__Data excerpts__:

--------------------------------------------------

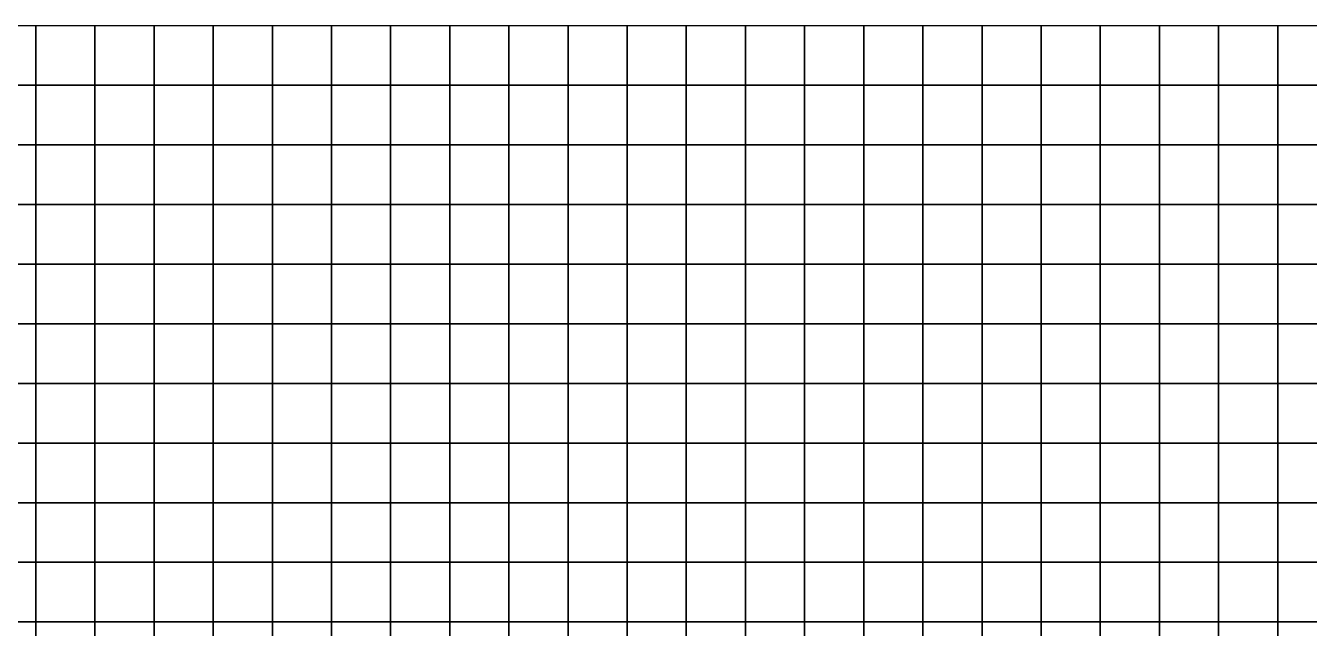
# Model space of a CAD drawing. Header units: metres. Extents: x -5 to 122, y -9 to 115.
# Drawn here: x 37.77 to 81.3, y 94.78 to 115.2 of the extents above; entities that cross this region are included whole.
import ezdxf

# ---------------------------------------------------------------- set-up
doc = ezdxf.new("R2010")
doc.units = ezdxf.units.M
doc.layers.add('terrain', color=7, linetype='Continuous')

msp = doc.modelspace()

# ---------------------------------------------------------------- linework, layer by layer
at = {"layer": 'terrain'}
for points in [[(38.109, 113.18, 1.97), (38.109, 115.2, 1.948), (36.103, 115.2, 1.945), (36.103, 113.18, 1.948)], [(40.115, 113.18, 1.938), (40.115, 115.2, 1.912), (38.109, 115.2, 1.948), (38.109, 113.18, 1.97)], [(42.12, 113.18, 1.903), (42.12, 115.2, 1.915), (40.115, 115.2, 1.912), (40.115, 113.18, 1.938)], [(44.126, 113.18, 1.88), (44.126, 115.2, 1.887), (42.12, 115.2, 1.915), (42.12, 113.18, 1.903)], [(46.132, 113.18, 1.86), (46.132, 115.2, 1.868), (44.126, 115.2, 1.887), (44.126, 113.18, 1.88)], [(48.138, 113.18, 1.842), (48.138, 115.2, 1.84), (46.132, 115.2, 1.868), (46.132, 113.18, 1.86)], [(50.143, 113.18, 1.77), (50.143, 115.2, 1.815), (48.138, 115.2, 1.84), (48.138, 113.18, 1.842)], [(52.149, 113.18, 1.73), (52.149, 115.2, 1.777), (50.143, 115.2, 1.815), (50.143, 113.18, 1.77)], [(54.155, 113.18, 1.765), (54.155, 115.2, 1.718), (52.149, 115.2, 1.777), (52.149, 113.18, 1.73)], [(56.161, 113.18, 1.708), (56.161, 115.2, 1.673), (54.155, 115.2, 1.718), (54.155, 113.18, 1.765)], [(58.166, 113.18, 1.798), (58.166, 115.2, 1.707), (56.161, 115.2, 1.673), (56.161, 113.18, 1.708)], [(60.172, 113.18, 1.7), (60.172, 115.2, 1.673), (58.166, 115.2, 1.707), (58.166, 113.18, 1.798)], [(62.178, 113.18, 1.683), (62.178, 115.2, 1.668), (60.172, 115.2, 1.673), (60.172, 113.18, 1.7)], [(64.183, 113.18, 1.675), (64.183, 115.2, 1.647), (62.178, 115.2, 1.668), (62.178, 113.18, 1.683)], [(66.189, 113.18, 1.575), (66.189, 115.2, 1.62), (64.183, 115.2, 1.647), (64.183, 113.18, 1.675)], [(68.195, 113.18, 1.565), (68.195, 115.2, 1.513), (66.189, 115.2, 1.62), (66.189, 113.18, 1.575)], [(70.201, 113.18, 1.467), (70.201, 115.2, 1.493), (68.195, 115.2, 1.513), (68.195, 113.18, 1.565)], [(72.206, 113.18, 1.405), (72.206, 115.2, 1.393), (70.201, 115.2, 1.493), (70.201, 113.18, 1.467)], [(74.212, 113.18, 1.38), (74.212, 115.2, 1.368), (72.206, 115.2, 1.393), (72.206, 113.18, 1.405)], [(76.218, 113.18, 1.37), (76.218, 115.2, 1.353), (74.212, 115.2, 1.368), (74.212, 113.18, 1.38)], [(78.224, 113.18, 1.345), (78.224, 115.2, 1.283), (76.218, 115.2, 1.353), (76.218, 113.18, 1.37)], [(80.229, 113.18, 1.28), (80.229, 115.2, 1.268), (78.224, 115.2, 1.283), (78.224, 113.18, 1.345)], [(82.235, 113.18, 1.23), (82.235, 115.2, 1.188), (80.229, 115.2, 1.268), (80.229, 113.18, 1.28)], [(38.109, 111.159, 1.972), (38.109, 113.18, 1.97), (36.103, 113.18, 1.948), (36.103, 111.159, 1.997)], [(40.115, 111.159, 1.938), (40.115, 113.18, 1.938), (38.109, 113.18, 1.97), (38.109, 111.159, 1.972)], [(42.12, 111.159, 1.903), (42.12, 113.18, 1.903), (40.115, 113.18, 1.938), (40.115, 111.159, 1.938)], [(44.126, 111.159, 1.918), (44.126, 113.18, 1.88), (42.12, 113.18, 1.903), (42.12, 111.159, 1.903)], [(46.132, 111.159, 1.862), (46.132, 113.18, 1.86), (44.126, 113.18, 1.88), (44.126, 111.159, 1.918)], [(48.138, 111.159, 1.808), (48.138, 113.18, 1.842), (46.132, 113.18, 1.86), (46.132, 111.159, 1.862)], [(50.143, 111.159, 1.81), (50.143, 113.18, 1.77), (48.138, 113.18, 1.842), (48.138, 111.159, 1.808)], [(52.149, 111.159, 1.783), (52.149, 113.18, 1.73), (50.143, 113.18, 1.77), (50.143, 111.159, 1.81)], [(54.155, 111.159, 1.75), (54.155, 113.18, 1.765), (52.149, 113.18, 1.73), (52.149, 111.159, 1.783)], [(56.161, 111.159, 1.842), (56.161, 113.18, 1.708), (54.155, 113.18, 1.765), (54.155, 111.159, 1.75)], [(58.166, 111.159, 1.757), (58.166, 113.18, 1.798), (56.161, 113.18, 1.708), (56.161, 111.159, 1.842)], [(60.172, 111.159, 1.76), (60.172, 113.18, 1.7), (58.166, 113.18, 1.798), (58.166, 111.159, 1.757)], [(62.178, 111.159, 1.688), (62.178, 113.18, 1.683), (60.172, 113.18, 1.7), (60.172, 111.159, 1.76)], [(64.183, 111.159, 1.635), (64.183, 113.18, 1.675), (62.178, 113.18, 1.683), (62.178, 111.159, 1.688)], [(66.189, 111.159, 1.605), (66.189, 113.18, 1.575), (64.183, 113.18, 1.675), (64.183, 111.159, 1.635)], [(68.195, 111.159, 1.555), (68.195, 113.18, 1.565), (66.189, 113.18, 1.575), (66.189, 111.159, 1.605)], [(70.201, 111.159, 1.472), (70.201, 113.18, 1.467), (68.195, 113.18, 1.565), (68.195, 111.159, 1.555)], [(72.206, 111.159, 1.445), (72.206, 113.18, 1.405), (70.201, 113.18, 1.467), (70.201, 111.159, 1.472)], [(74.212, 111.159, 1.45), (74.212, 113.18, 1.38), (72.206, 113.18, 1.405), (72.206, 111.159, 1.445)], [(76.218, 111.159, 1.39), (76.218, 113.18, 1.37), (74.212, 113.18, 1.38), (74.212, 111.159, 1.45)], [(78.224, 111.159, 1.34), (78.224, 113.18, 1.345), (76.218, 113.18, 1.37), (76.218, 111.159, 1.39)], [(80.229, 111.159, 1.327), (80.229, 113.18, 1.28), (78.224, 113.18, 1.345), (78.224, 111.159, 1.34)], [(82.235, 111.159, 1.32), (82.235, 113.18, 1.23), (80.229, 113.18, 1.28), (80.229, 111.159, 1.327)], [(38.109, 109.138, 1.978), (38.109, 111.159, 1.972), (36.103, 111.159, 1.997), (36.103, 109.138, 1.993)], [(40.115, 109.138, 1.963), (40.115, 111.159, 1.938), (38.109, 111.159, 1.972), (38.109, 109.138, 1.978)], [(42.12, 109.138, 1.942), (42.12, 111.159, 1.903), (40.115, 111.159, 1.938), (40.115, 109.138, 1.963)], [(44.126, 109.138, 1.9), (44.126, 111.159, 1.918), (42.12, 111.159, 1.903), (42.12, 109.138, 1.942)], [(46.132, 109.138, 1.823), (46.132, 111.159, 1.862), (44.126, 111.159, 1.918), (44.126, 109.138, 1.9)], [(48.138, 109.138, 1.873), (48.138, 111.159, 1.808), (46.132, 111.159, 1.862), (46.132, 109.138, 1.823)], [(50.143, 109.138, 1.808), (50.143, 111.159, 1.81), (48.138, 111.159, 1.808), (48.138, 109.138, 1.873)], [(52.149, 109.138, 1.827), (52.149, 111.159, 1.783), (50.143, 111.159, 1.81), (50.143, 109.138, 1.808)], [(54.155, 109.138, 1.85), (54.155, 111.159, 1.75), (52.149, 111.159, 1.783), (52.149, 109.138, 1.827)], [(56.161, 109.138, 1.8), (56.161, 111.159, 1.842), (54.155, 111.159, 1.75), (54.155, 109.138, 1.85)], [(58.166, 109.138, 1.827), (58.166, 111.159, 1.757), (56.161, 111.159, 1.842), (56.161, 109.138, 1.8)], [(60.172, 109.138, 1.725), (60.172, 111.159, 1.76), (58.166, 111.159, 1.757), (58.166, 109.138, 1.827)], [(62.178, 109.138, 1.67), (62.178, 111.159, 1.688), (60.172, 111.159, 1.76), (60.172, 109.138, 1.725)], [(64.183, 109.138, 1.677), (64.183, 111.159, 1.635), (62.178, 111.159, 1.688), (62.178, 109.138, 1.67)], [(66.189, 109.138, 1.658), (66.189, 111.159, 1.605), (64.183, 111.159, 1.635), (64.183, 109.138, 1.677)], [(68.195, 109.138, 1.552), (68.195, 111.159, 1.555), (66.189, 111.159, 1.605), (66.189, 109.138, 1.658)], [(70.201, 109.138, 1.545), (70.201, 111.159, 1.472), (68.195, 111.159, 1.555), (68.195, 109.138, 1.552)], [(72.206, 109.138, 1.522), (72.206, 111.159, 1.445), (70.201, 111.159, 1.472), (70.201, 109.138, 1.545)], [(74.212, 109.138, 1.47), (74.212, 111.159, 1.45), (72.206, 111.159, 1.445), (72.206, 109.138, 1.522)], [(76.218, 109.138, 1.397), (76.218, 111.159, 1.39), (74.212, 111.159, 1.45), (74.212, 109.138, 1.47)], [(78.224, 109.138, 1.478), (78.224, 111.159, 1.34), (76.218, 111.159, 1.39), (76.218, 109.138, 1.397)], [(80.229, 109.138, 1.423), (80.229, 111.159, 1.327), (78.224, 111.159, 1.34), (78.224, 109.138, 1.478)], [(82.235, 109.138, 1.15), (82.235, 111.159, 1.32), (80.229, 111.159, 1.327), (80.229, 109.138, 1.423)], [(38.109, 107.118, 1.993), (38.109, 109.138, 1.978), (36.103, 109.138, 1.993), (36.103, 107.118, 2.007)], [(40.115, 107.118, 1.925), (40.115, 109.138, 1.963), (38.109, 109.138, 1.978), (38.109, 107.118, 1.993)], [(42.12, 107.118, 1.92), (42.12, 109.138, 1.942), (40.115, 109.138, 1.963), (40.115, 107.118, 1.925)], [(44.126, 107.118, 1.882), (44.126, 109.138, 1.9), (42.12, 109.138, 1.942), (42.12, 107.118, 1.92)], [(46.132, 107.118, 1.857), (46.132, 109.138, 1.823), (44.126, 109.138, 1.9), (44.126, 107.118, 1.882)], [(48.138, 107.118, 1.87), (48.138, 109.138, 1.873), (46.132, 109.138, 1.823), (46.132, 107.118, 1.857)], [(50.143, 107.118, 1.91), (50.143, 109.138, 1.808), (48.138, 109.138, 1.873), (48.138, 107.118, 1.87)], [(52.149, 107.118, 1.855), (52.149, 109.138, 1.827), (50.143, 109.138, 1.808), (50.143, 107.118, 1.91)], [(54.155, 107.118, 1.832), (54.155, 109.138, 1.85), (52.149, 109.138, 1.827), (52.149, 107.118, 1.855)], [(56.161, 107.118, 1.855), (56.161, 109.138, 1.8), (54.155, 109.138, 1.85), (54.155, 107.118, 1.832)], [(58.166, 107.118, 1.798), (58.166, 109.138, 1.827), (56.161, 109.138, 1.8), (56.161, 107.118, 1.855)], [(60.172, 107.118, 1.747), (60.172, 109.138, 1.725), (58.166, 109.138, 1.827), (58.166, 107.118, 1.798)], [(62.178, 107.118, 1.707), (62.178, 109.138, 1.67), (60.172, 109.138, 1.725), (60.172, 107.118, 1.747)], [(64.183, 107.118, 1.743), (64.183, 109.138, 1.677), (62.178, 109.138, 1.67), (62.178, 107.118, 1.707)], [(66.189, 107.118, 1.65), (66.189, 109.138, 1.658), (64.183, 109.138, 1.677), (64.183, 107.118, 1.743)], [(68.195, 107.118, 1.618), (68.195, 109.138, 1.552), (66.189, 109.138, 1.658), (66.189, 107.118, 1.65)], [(70.201, 107.118, 1.588), (70.201, 109.138, 1.545), (68.195, 109.138, 1.552), (68.195, 107.118, 1.618)], [(72.206, 107.118, 1.54), (72.206, 109.138, 1.522), (70.201, 109.138, 1.545), (70.201, 107.118, 1.588)], [(74.212, 107.118, 1.47), (74.212, 109.138, 1.47), (72.206, 109.138, 1.522), (72.206, 107.118, 1.54)], [(76.218, 107.118, 1.537), (76.218, 109.138, 1.397), (74.212, 109.138, 1.47), (74.212, 107.118, 1.47)], [(78.224, 107.118, 1.467), (78.224, 109.138, 1.478), (76.218, 109.138, 1.397), (76.218, 107.118, 1.537)], [(80.229, 107.118, 1.293), (80.229, 109.138, 1.423), (78.224, 109.138, 1.478), (78.224, 107.118, 1.467)], [(82.235, 107.118, 1.23), (82.235, 109.138, 1.15), (80.229, 109.138, 1.423), (80.229, 107.118, 1.293)], [(38.109, 105.097, 1.985), (38.109, 107.118, 1.993), (36.103, 107.118, 2.007), (36.103, 105.097, 2)], [(40.115, 105.097, 1.955), (40.115, 107.118, 1.925), (38.109, 107.118, 1.993), (38.109, 105.097, 1.985)], [(42.12, 105.097, 1.91), (42.12, 107.118, 1.92), (40.115, 107.118, 1.925), (40.115, 105.097, 1.955)], [(44.126, 105.097, 1.875), (44.126, 107.118, 1.882), (42.12, 107.118, 1.92), (42.12, 105.097, 1.91)], [(46.132, 105.097, 1.93), (46.132, 107.118, 1.857), (44.126, 107.118, 1.882), (44.126, 105.097, 1.875)], [(48.138, 105.097, 1.885), (48.138, 107.118, 1.87), (46.132, 107.118, 1.857), (46.132, 105.097, 1.93)], [(50.143, 105.097, 1.945), (50.143, 107.118, 1.91), (48.138, 107.118, 1.87), (48.138, 105.097, 1.885)], [(52.149, 105.097, 1.885), (52.149, 107.118, 1.855), (50.143, 107.118, 1.91), (50.143, 105.097, 1.945)], [(54.155, 105.097, 1.872), (54.155, 107.118, 1.832), (52.149, 107.118, 1.855), (52.149, 105.097, 1.885)], [(56.161, 105.097, 1.81), (56.161, 107.118, 1.855), (54.155, 107.118, 1.832), (54.155, 105.097, 1.872)], [(58.166, 105.097, 1.808), (58.166, 107.118, 1.798), (56.161, 107.118, 1.855), (56.161, 105.097, 1.81)], [(60.172, 105.097, 1.76), (60.172, 107.118, 1.747), (58.166, 107.118, 1.798), (58.166, 105.097, 1.808)], [(62.178, 105.097, 1.753), (62.178, 107.118, 1.707), (60.172, 107.118, 1.747), (60.172, 105.097, 1.76)], [(64.183, 105.097, 1.707), (64.183, 107.118, 1.743), (62.178, 107.118, 1.707), (62.178, 105.097, 1.753)], [(66.189, 105.097, 1.647), (66.189, 107.118, 1.65), (64.183, 107.118, 1.743), (64.183, 105.097, 1.707)], [(68.195, 105.097, 1.632), (68.195, 107.118, 1.618), (66.189, 107.118, 1.65), (66.189, 105.097, 1.647)], [(70.201, 105.097, 1.59), (70.201, 107.118, 1.588), (68.195, 107.118, 1.618), (68.195, 105.097, 1.632)], [(72.206, 105.097, 1.6), (72.206, 107.118, 1.54), (70.201, 107.118, 1.588), (70.201, 105.097, 1.59)], [(74.212, 105.097, 1.73), (74.212, 107.118, 1.47), (72.206, 107.118, 1.54), (72.206, 105.097, 1.6)], [(76.218, 105.097, 1.5), (76.218, 107.118, 1.537), (74.212, 107.118, 1.47), (74.212, 105.097, 1.73)], [(78.224, 105.097, 1.382), (78.224, 107.118, 1.467), (76.218, 107.118, 1.537), (76.218, 105.097, 1.5)], [(80.229, 105.097, 1.32), (80.229, 107.118, 1.293), (78.224, 107.118, 1.467), (78.224, 105.097, 1.382)], [(82.235, 105.097, 1.275), (82.235, 107.118, 1.23), (80.229, 107.118, 1.293), (80.229, 105.097, 1.32)], [(38.109, 103.076, 1.945), (38.109, 105.097, 1.985), (36.103, 105.097, 2), (36.103, 103.076, 2.005)], [(40.115, 103.076, 1.965), (40.115, 105.097, 1.955), (38.109, 105.097, 1.985), (38.109, 103.076, 1.945)], [(42.12, 103.076, 1.927), (42.12, 105.097, 1.91), (40.115, 105.097, 1.955), (40.115, 103.076, 1.965)], [(44.126, 103.076, 1.948), (44.126, 105.097, 1.875), (42.12, 105.097, 1.91), (42.12, 103.076, 1.927)], [(46.132, 103.076, 1.99), (46.132, 105.097, 1.93), (44.126, 105.097, 1.875), (44.126, 103.076, 1.948)], [(48.138, 103.076, 1.973), (48.138, 105.097, 1.885), (46.132, 105.097, 1.93), (46.132, 103.076, 1.99)], [(50.143, 103.076, 1.93), (50.143, 105.097, 1.945), (48.138, 105.097, 1.885), (48.138, 103.076, 1.973)], [(52.149, 103.076, 1.887), (52.149, 105.097, 1.885), (50.143, 105.097, 1.945), (50.143, 103.076, 1.93)], [(54.155, 103.076, 1.82), (54.155, 105.097, 1.872), (52.149, 105.097, 1.885), (52.149, 103.076, 1.887)], [(56.161, 103.076, 1.825), (56.161, 105.097, 1.81), (54.155, 105.097, 1.872), (54.155, 103.076, 1.82)], [(58.166, 103.076, 1.802), (58.166, 105.097, 1.808), (56.161, 105.097, 1.81), (56.161, 103.076, 1.825)], [(60.172, 103.076, 1.755), (60.172, 105.097, 1.76), (58.166, 105.097, 1.808), (58.166, 103.076, 1.802)], [(62.178, 103.076, 1.743), (62.178, 105.097, 1.753), (60.172, 105.097, 1.76), (60.172, 103.076, 1.755)], [(64.183, 103.076, 1.705), (64.183, 105.097, 1.707), (62.178, 105.097, 1.753), (62.178, 103.076, 1.743)], [(66.189, 103.076, 1.683), (66.189, 105.097, 1.647), (64.183, 105.097, 1.707), (64.183, 103.076, 1.705)], [(68.195, 103.076, 1.63), (68.195, 105.097, 1.632), (66.189, 105.097, 1.647), (66.189, 103.076, 1.683)], [(70.201, 103.076, 1.69), (70.201, 105.097, 1.59), (68.195, 105.097, 1.632), (68.195, 103.076, 1.63)], [(72.206, 103.076, 1.74), (72.206, 105.097, 1.6), (70.201, 105.097, 1.59), (70.201, 103.076, 1.69)], [(74.212, 103.076, 1.567), (74.212, 105.097, 1.73), (72.206, 105.097, 1.6), (72.206, 103.076, 1.74)], [(76.218, 103.076, 1.355), (76.218, 105.097, 1.5), (74.212, 105.097, 1.73), (74.212, 103.076, 1.567)], [(78.224, 103.076, 1.357), (78.224, 105.097, 1.382), (76.218, 105.097, 1.5), (76.218, 103.076, 1.355)], [(80.229, 103.076, 1.222), (80.229, 105.097, 1.32), (78.224, 105.097, 1.382), (78.224, 103.076, 1.357)], [(82.235, 103.076, 1.215), (82.235, 105.097, 1.275), (80.229, 105.097, 1.32), (80.229, 103.076, 1.222)], [(38.109, 101.055, 1.965), (38.109, 103.076, 1.945), (36.103, 103.076, 2.005), (36.103, 101.055, 1.997)], [(40.115, 101.055, 1.957), (40.115, 103.076, 1.965), (38.109, 103.076, 1.945), (38.109, 101.055, 1.965)], [(42.12, 101.055, 2.01), (42.12, 103.076, 1.927), (40.115, 103.076, 1.965), (40.115, 101.055, 1.957)], [(44.126, 101.055, 2.027), (44.126, 103.076, 1.948), (42.12, 103.076, 1.927), (42.12, 101.055, 2.01)], [(46.132, 101.055, 2.012), (46.132, 103.076, 1.99), (44.126, 103.076, 1.948), (44.126, 101.055, 2.027)], [(48.138, 101.055, 1.967), (48.138, 103.076, 1.973), (46.132, 103.076, 1.99), (46.132, 101.055, 2.012)], [(50.143, 101.055, 1.897), (50.143, 103.076, 1.93), (48.138, 103.076, 1.973), (48.138, 101.055, 1.967)], [(52.149, 101.055, 1.86), (52.149, 103.076, 1.887), (50.143, 103.076, 1.93), (50.143, 101.055, 1.897)], [(54.155, 101.055, 1.85), (54.155, 103.076, 1.82), (52.149, 103.076, 1.887), (52.149, 101.055, 1.86)], [(56.161, 101.055, 1.825), (56.161, 103.076, 1.825), (54.155, 103.076, 1.82), (54.155, 101.055, 1.85)], [(58.166, 101.055, 1.757), (58.166, 103.076, 1.802), (56.161, 103.076, 1.825), (56.161, 101.055, 1.825)], [(60.172, 101.055, 1.78), (60.172, 103.076, 1.755), (58.166, 103.076, 1.802), (58.166, 101.055, 1.757)], [(62.178, 101.055, 1.743), (62.178, 103.076, 1.743), (60.172, 103.076, 1.755), (60.172, 101.055, 1.78)], [(64.183, 101.055, 1.725), (64.183, 103.076, 1.705), (62.178, 103.076, 1.743), (62.178, 101.055, 1.743)], [(66.189, 101.055, 1.67), (66.189, 103.076, 1.683), (64.183, 103.076, 1.705), (64.183, 101.055, 1.725)], [(68.195, 101.055, 1.857), (68.195, 103.076, 1.63), (66.189, 103.076, 1.683), (66.189, 101.055, 1.67)], [(70.201, 101.055, 1.94), (70.201, 103.076, 1.69), (68.195, 103.076, 1.63), (68.195, 101.055, 1.857)], [(72.206, 101.055, 1.592), (72.206, 103.076, 1.74), (70.201, 103.076, 1.69), (70.201, 101.055, 1.94)], [(74.212, 101.055, 1.472), (74.212, 103.076, 1.567), (72.206, 103.076, 1.74), (72.206, 101.055, 1.592)], [(76.218, 101.055, 1.888), (76.218, 103.076, 1.355), (74.212, 103.076, 1.567), (74.212, 101.055, 1.472)], [(78.224, 101.055, 1.905), (78.224, 103.076, 1.357), (76.218, 103.076, 1.355), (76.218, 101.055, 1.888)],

--------------------------------------------------

__Instructions to follow__: A single figure is the whole answer: the number of lines in the material above that contain "terrain".

__Task output__: 2